━━ Supplied records ━━

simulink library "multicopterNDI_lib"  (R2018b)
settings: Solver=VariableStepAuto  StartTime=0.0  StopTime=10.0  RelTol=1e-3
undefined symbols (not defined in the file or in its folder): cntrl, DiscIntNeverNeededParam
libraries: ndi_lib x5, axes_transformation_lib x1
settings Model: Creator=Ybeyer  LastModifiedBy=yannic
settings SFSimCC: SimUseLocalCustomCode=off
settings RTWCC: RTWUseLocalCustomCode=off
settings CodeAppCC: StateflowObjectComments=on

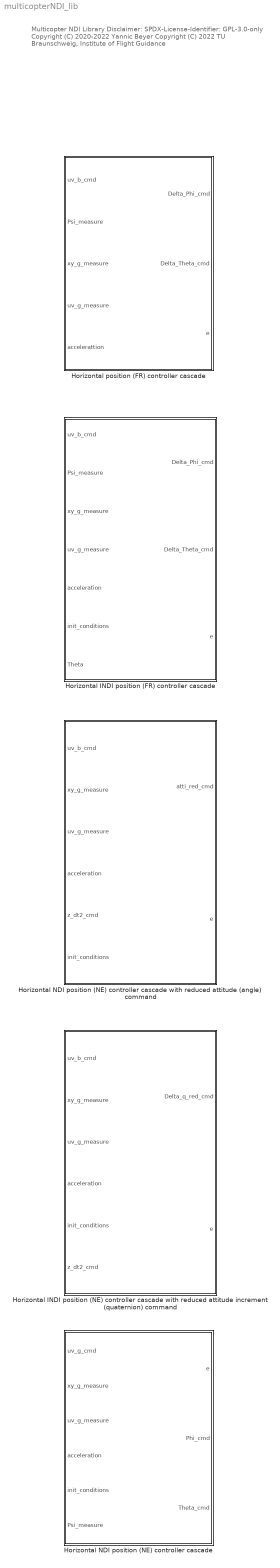
== system multicopterNDI_lib ==
  note: Multicopter NDI Library
      |
      | Disclaimer:
      | SPDX-License-Identifier: GPL-3.0-only
      |
      | Copyright (C) 2020-2022 Yannic Beyer
      | Copyright (C) 2022 TU Braunschweig, Institute of Flight Guidance
  Horizontal INDI position (FR) controller cascade : Subsystem  mask{time_constant_V=cntrl.rm.u.T, V_dt_max=inf, K_xyuv=cntrl.Kpos, K_int_xy=zeros(2,2), Phi_cmd_max=pi/4, Theta_cmd_max=pi/4}
      mask prompts: time_constant_V "commanded velocity time constant, in s"; V_dt_max "maximum commanded acceleration"; K_xyuv "controller matrix [e_x,e_y,e_u,e_v] -> [x_ddt,y_ddt]_cmd"; K_int_xy "I controller matrix [int_e_x,int_e_y] -> [x_ddt,y_ddt]_cmd"; Phi_cmd_max "Maximum commanded roll angle"; Theta_cmd_max "Maximum commanded picth angle"
      mask DialogControl DescGroupVar Prompt: Horizontal position controller cascade
      mask DialogControl DescTextVar Prompt: The commanded velocity is filtered and the control error is converted into desired accerlations in x_b and y_b direction. The commanded accelerations are converted into commanded roll and pitch angles.
  Horizontal INDI position (NE) controller cascade with reduced attitude increment (quaternion) command : Subsystem  mask{time_constant_V=cntrl.rm.u.T, V_dt_max=cntrl.rm.uv_dt_max, K_xyuv=cntrl.Kpos, tilt_angle_max=cntrl.rm.Phi_max, e_xy_max=cntrl.e_xy_max}
      mask prompts: time_constant_V "commanded velocity time constant, in s"; V_dt_max "maximum commanded acceleration"; K_xyuv "controller matrix [e_x,e_y,e_u,e_v] -> [x_ddt,y_ddt]_cmd"; tilt_angle_max "Maximum commanded tilt angle"; e_xy_max "Maximum position error (to limit maximum velocity due to controller)"
      mask DialogControl DescGroupVar Prompt: Horizontal position controller cascade
      mask DialogControl DescTextVar Prompt: The commanded velocity is filtered and the control error is converted into desired accerlations in x_b and y_b direction. The commanded accelerations are converted into commanded roll and pitch angles.
  Horizontal NDI position (NE) controller cascade : Subsystem  mask{time_constant_V=cntrl.rm.u.T, V_dt_max=inf, K_xyuv=cntrl.Kpos, K_int_xy=zeros(2,2), Phi_cmd_max=pi/4, Theta_cmd_max=pi/4}
      mask prompts: time_constant_V "commanded velocity time constant, in s"; V_dt_max "maximum commanded acceleration"; K_xyuv "controller matrix [e_x,e_y,e_u,e_v] -> [x_ddt,y_ddt]_cmd"; K_int_xy "I controller matrix [int_e_x,int_e_y] -> [x_ddt,y_ddt]_cmd"; Phi_cmd_max "Maximum commanded roll angle"; Theta_cmd_max "Maximum commanded picth angle"
      mask DialogControl DescGroupVar Prompt: Horizontal position controller cascade (commanding velocities/positions in north/east (NE) direction)
      mask DialogControl DescTextVar Prompt: The commanded velocity is filtered and the control error is converted into desired accerlations in x_b and y_b direction. The commanded accelerations are converted into commanded roll and pitch angles.
  Horizontal NDI position (NE) controller cascade with reduced attitude (angle) command : Subsystem  mask{time_constant_V=cntrl.rm.u.T, V_dt_max=cntrl.rm.uv_dt_max, K_xyuv=cntrl.Kpos, K_int_xy=cntrl.Kpos_I, e_xy_max=cntrl.e_xy_max}
      mask prompts: time_constant_V "commanded velocity time constant, in s"; V_dt_max "maximum commanded acceleration"; K_xyuv "controller matrix [e_x,e_y,e_u,e_v] -> [x_ddt,y_ddt]_cmd"; K_int_xy "I controller matrix [int_e_x,int_e_y] -> [x_ddt,y_ddt]_cmd"; e_xy_max "Maximum controller position error (to limit maximum velocity due to controller)"
      mask DialogControl DescGroupVar Prompt: Horizontal position controller cascade
      mask DialogControl DescTextVar Prompt: The commanded velocity is filtered and the control error is converted into desired accerlations in x_g and y_g direction. The commanded accelerations are converted into commanded to reduced attitude angles.
  Horizontal position (FR) controller cascade : Subsystem  mask{time_constant_V=1, V_dt_max=inf, K_xyuv=zeros(2,4), K_int_xy=zeros(2,2), Phi_cmd_max=pi/4, Theta_cmd_max=pi/4}
      mask prompts: time_constant_V "commanded velocity time constant, in s"; V_dt_max "maximum commanded acceleration"; K_xyuv "controller matrix [e_x,e_y,e_u,e_v] -> [x_ddt,y_ddt]_cmd"; K_int_xy "I controller matrix [int_e_x,int_e_y] -> [x_ddt,y_ddt]_cmd"; Phi_cmd_max "Maximum commanded roll angle"; Theta_cmd_max "Maximum commanded picth angle"
      mask DialogControl DescGroupVar Prompt: Horizontal position controller cascade
      mask DialogControl DescTextVar Prompt: The commanded velocity is filtered and the control error is converted into desired accerlations in x_b and y_b direction. The commanded accelerations are converted into commanded roll and pitch angles.

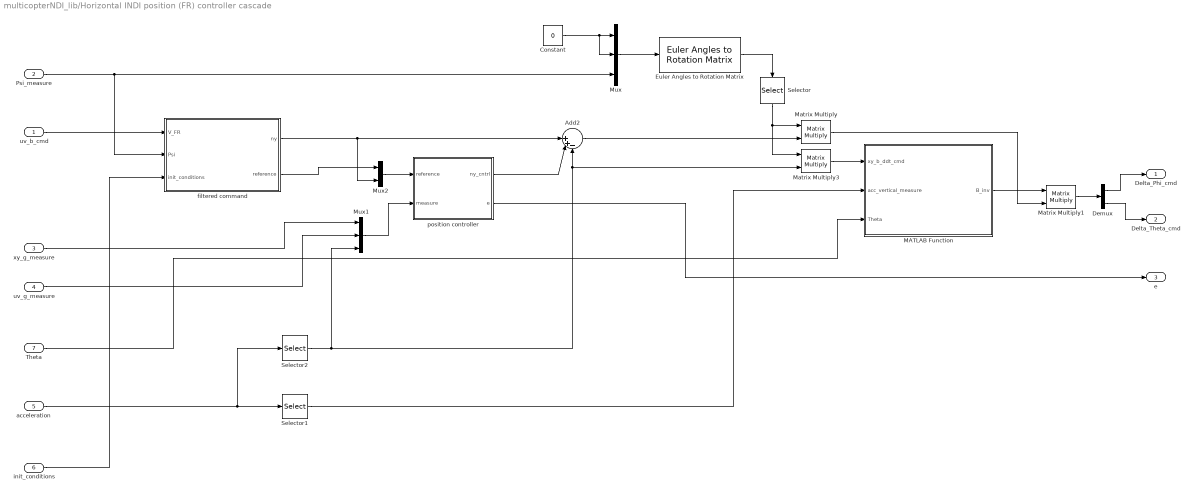
== system multicopterNDI_lib/Horizontal INDI position (FR) controller cascade ==
  uv_b_cmd : Inport
  Psi_measure : Inport  Port=2
  xy_g_measure : Inport  Port=3
  uv_g_measure : Inport  Port=4
  acceleration : Inport  Port=5
  init_conditions : Inport  Port=6
  Theta : Inport  Port=7
  Add2 : Sum  Inputs=||++-
  Constant : Constant  Value=0  OutDataTypeStr=Inherit: Inherit via back propagation
  Demux : Demux  Outputs=2
  Euler Angles to Rotation Matrix : axes_transformation_lib/Euler Angles to Rotation Matrix  SystemSampleTime=-1
      settings: SourceProductName=LADAC
  MATLAB Function : MATLAB Function  TreatAsAtomicUnit=on
  Matrix Multiply : Product  Multiplication=Matrix(*)
  Matrix Multiply1 : Product  Multiplication=Matrix(*)
  Matrix Multiply3 : Product  Multiplication=Matrix(*)
  Mux : Mux  Inputs=3
  Mux1 : Mux  Inputs=3
  Mux2 : Mux  Inputs=2
  Selector : Selector  NumberOfDimensions=2  InputPortWidth=[3,3]  IndexOptions=Index vector (dialog),Index vector (dialog)  Indices=[1:2],[1:2]  OutputSizes=1,1
  Selector1 : Selector  InputPortWidth=3  IndexOptions=Index vector (dialog)  Indices=3  OutputSizes=1
  Selector2 : Selector  InputPortWidth=3  IndexOptions=Index vector (dialog)  Indices=[1,2]  OutputSizes=1
  filtered command : Subsystem
  position controller : Subsystem
  Delta_Phi_cmd : Outport
  Delta_Theta_cmd : Outport  Port=2
  e : Outport  Port=3
  wires:
  init_conditions/1 -> filtered command/3(init_conditions)
  Mux2/1 -> position controller/1(reference)
  position controller/2(e) -> e/1
  Matrix Multiply1/1 -> Demux/1
  Demux/2 -> Delta_Theta_cmd/1
  Demux/1 -> Delta_Phi_cmd/1
  MATLAB Function/1(B_inv) -> Matrix Multiply1/1
  Selector2/1 -> Mux1/3, Add2/3, Matrix Multiply3/2
  Selector1/1 -> MATLAB Function/2(acc_vertical_measure)
  Euler Angles to Rotation Matrix/1 -> Selector/1
  Matrix Multiply/1 -> Matrix Multiply1/2
  Constant/1 -> Mux/1, Mux/2
  Mux/1 -> Euler Angles to Rotation Matrix/1
  Psi_measure/1 -> filtered command/2(Psi), Mux/3
  filtered command/2(reference) -> Mux2/1
  uv_b_cmd/1 -> filtered command/1(V_FR)
  acceleration/1 -> Selector2/1, Selector1/1
  position controller/1(ny_cntrl) -> Add2/2
  filtered command/1(ny) -> Mux2/2, Add2/1
  Add2/1 -> Matrix Multiply/2
  Mux1/1 -> position controller/2(measure)
  xy_g_measure/1 -> Mux1/1
  uv_g_measure/1 -> Mux1/2
  Matrix Multiply3/1 -> MATLAB Function/1(xy_b_ddt_cmd)
  Selector/1 -> Matrix Multiply3/1, Matrix Multiply/1
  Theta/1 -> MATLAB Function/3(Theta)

━━━

The problem: In the entries above, restate word for word the lines between the one holding "init_conditions : Inport" and the one holding "Selector1/1 -> MATLAB", inclusive, and nothing besides.

Response to the exercise:
  init_conditions : Inport  Port=6
  Theta : Inport  Port=7
  Add2 : Sum  Inputs=||++-
  Constant : Constant  Value=0  OutDataTypeStr=Inherit: Inherit via back propagation
  Demux : Demux  Outputs=2
  Euler Angles to Rotation Matrix : axes_transformation_lib/Euler Angles to Rotation Matrix  SystemSampleTime=-1
      settings: SourceProductName=LADAC
  MATLAB Function : MATLAB Function  TreatAsAtomicUnit=on
  Matrix Multiply : Product  Multiplication=Matrix(*)
  Matrix Multiply1 : Product  Multiplication=Matrix(*)
  Matrix Multiply3 : Product  Multiplication=Matrix(*)
  Mux : Mux  Inputs=3
  Mux1 : Mux  Inputs=3
  Mux2 : Mux  Inputs=2
  Selector : Selector  NumberOfDimensions=2  InputPortWidth=[3,3]  IndexOptions=Index vector (dialog),Index vector (dialog)  Indices=[1:2],[1:2]  OutputSizes=1,1
  Selector1 : Selector  InputPortWidth=3  IndexOptions=Index vector (dialog)  Indices=3  OutputSizes=1
  Selector2 : Selector  InputPortWidth=3  IndexOptions=Index vector (dialog)  Indices=[1,2]  OutputSizes=1
  filtered command : Subsystem
  position controller : Subsystem
  Delta_Phi_cmd : Outport
  Delta_Theta_cmd : Outport  Port=2
  e : Outport  Port=3
  wires:
  init_conditions/1 -> filtered command/3(init_conditions)
  Mux2/1 -> position controller/1(reference)
  position controller/2(e) -> e/1
  Matrix Multiply1/1 -> Demux/1
  Demux/2 -> Delta_Theta_cmd/1
  Demux/1 -> Delta_Phi_cmd/1
  MATLAB Function/1(B_inv) -> Matrix Multiply1/1
  Selector2/1 -> Mux1/3, Add2/3, Matrix Multiply3/2
  Selector1/1 -> MATLAB Function/2(acc_vertical_measure)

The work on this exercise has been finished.